#### Work to be completed:
Only one number is wanted: the count of lines in the records below that hold the word "above".

(Stored entries)
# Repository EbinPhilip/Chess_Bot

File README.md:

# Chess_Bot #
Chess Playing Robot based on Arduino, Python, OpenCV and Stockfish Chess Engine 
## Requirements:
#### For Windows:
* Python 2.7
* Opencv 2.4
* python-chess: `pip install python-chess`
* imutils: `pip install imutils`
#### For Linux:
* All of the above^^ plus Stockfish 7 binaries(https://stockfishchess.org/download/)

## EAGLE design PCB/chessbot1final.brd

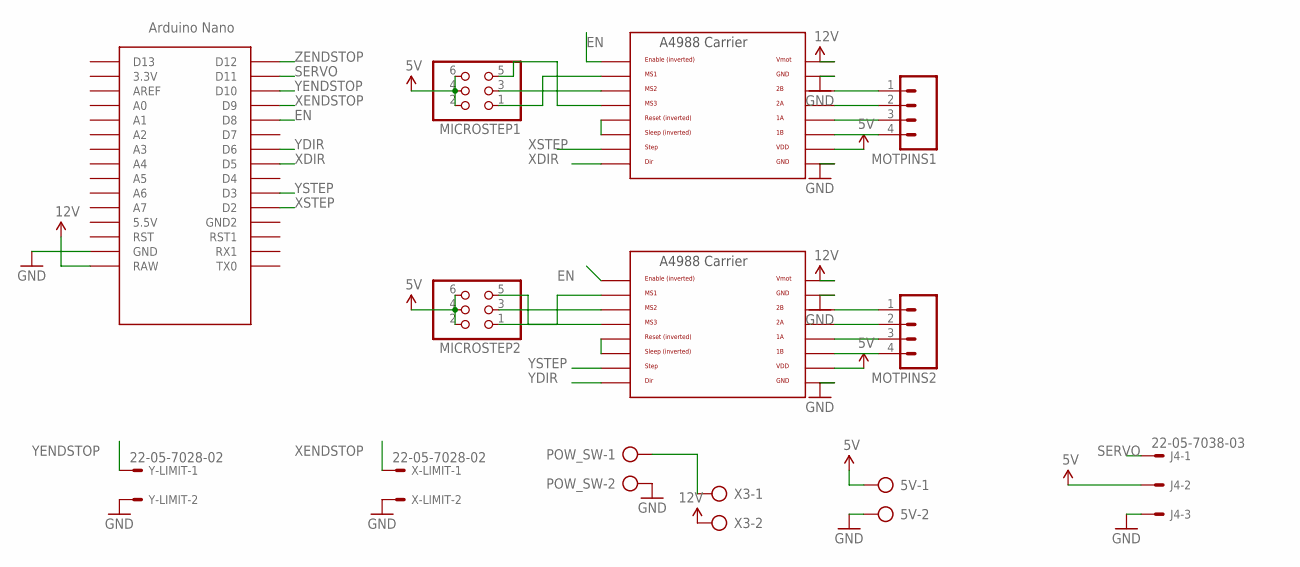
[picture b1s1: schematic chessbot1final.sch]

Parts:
5V: AK500/2
J4: 22-05-7038-03; 7395-03
MICROSTEP1, MICROSTEP2: PINHD-2X3; 2X03
MOTPINS1, MOTPINS2: M04PTH; 1X04
POW_SW: AK500/2
U$1, U$2: A4988BREAKOUT
U$3: NANO
X3: AK500/2
X-LIMIT: 22-05-7028-02; 7395-02
Y-LIMIT: 22-05-7028-02; 7395-02

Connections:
5V: 5V.1, J4.2, MICROSTEP1.2, MICROSTEP1.4, MICROSTEP1.6, MICROSTEP2.2, MICROSTEP2.4, MICROSTEP2.6, U$1.VDD, U$2.VDD
12V: U$1.VMOT, U$2.VMOT, U$3.RAW, X3.2
EN: U$1.EN, U$2.EN, U$3.D8
GND: 5V.2, J4.3, POW_SW.2, U$1.GND, U$1.GND@0 (GND), U$2.GND, U$2.GND@0 (GND), U$3.GND, X-LIMIT.2, Y-LIMIT.2
unnamed: MOTPINS1.4, U$2.1B
unnamed: MOTPINS1.3, U$2.1A
unnamed: MOTPINS1.2, U$2.2A
unnamed: MOTPINS1.1, U$2.2B
unnamed: MOTPINS2.1, U$1.2B
unnamed: MOTPINS2.2, U$1.2A
unnamed: MOTPINS2.3, U$1.1A
unnamed: MOTPINS2.4, U$1.1B
unnamed: MICROSTEP1.1, U$2.MS1
unnamed: MICROSTEP1.3, U$2.MS2
unnamed: U$2.RST, U$2.SLP (SLEEP)
unnamed: MICROSTEP2.3, U$1.MS2
unnamed: MICROSTEP2.1, U$1.MS1
unnamed: MICROSTEP2.5, U$1.MS3
unnamed: POW_SW.1, X3.1
unnamed: MICROSTEP1.5, U$2.MS3
unnamed: U$1.RST, U$1.SLP (SLEEP)
SERVO: J4.1, U$3.D11
XDIR: U$2.DIR, U$3.D5
XENDSTOP: U$3.D9, X-LIMIT.1
XSTEP: U$2.STEP, U$3.D2
YDIR: U$1.DIR, U$3.D6
YENDSTOP: U$3.D10, Y-LIMIT.1
YSTEP: U$1.STEP, U$3.D3
ZENDSTOP: U$3.D12

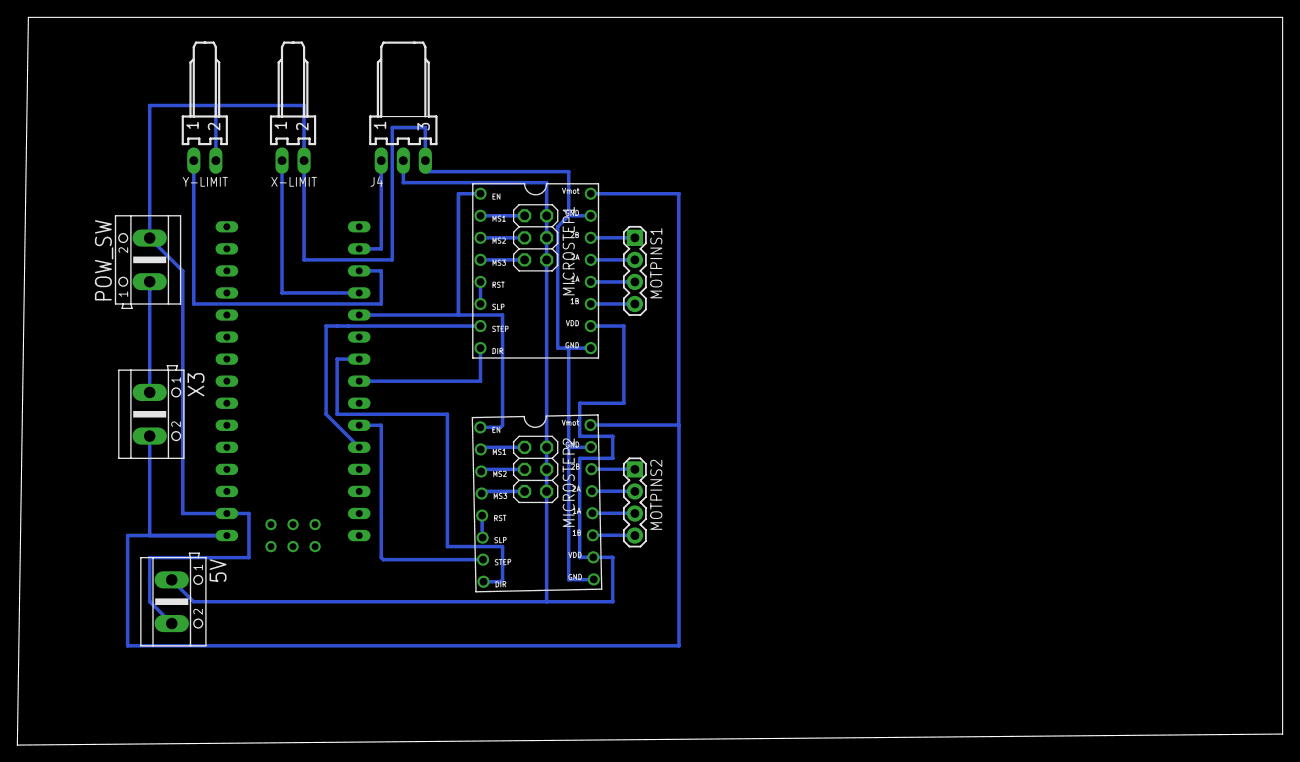
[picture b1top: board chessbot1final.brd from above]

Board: 2 copper layers, 145.7 x 83.8 mm, 13 parts (0 on the bottom side), 28 nets.

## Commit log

2018-02-11 First commit: complete opencv code
2018-02-11 added comments to main.py

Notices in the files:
parts and their libraries:
SparkFun-Connectors: Licensing: Creative Commons ShareAlike 4.0 International - https://creativecommons.org/licenses/by-sa/4.0

#### Solution below:
2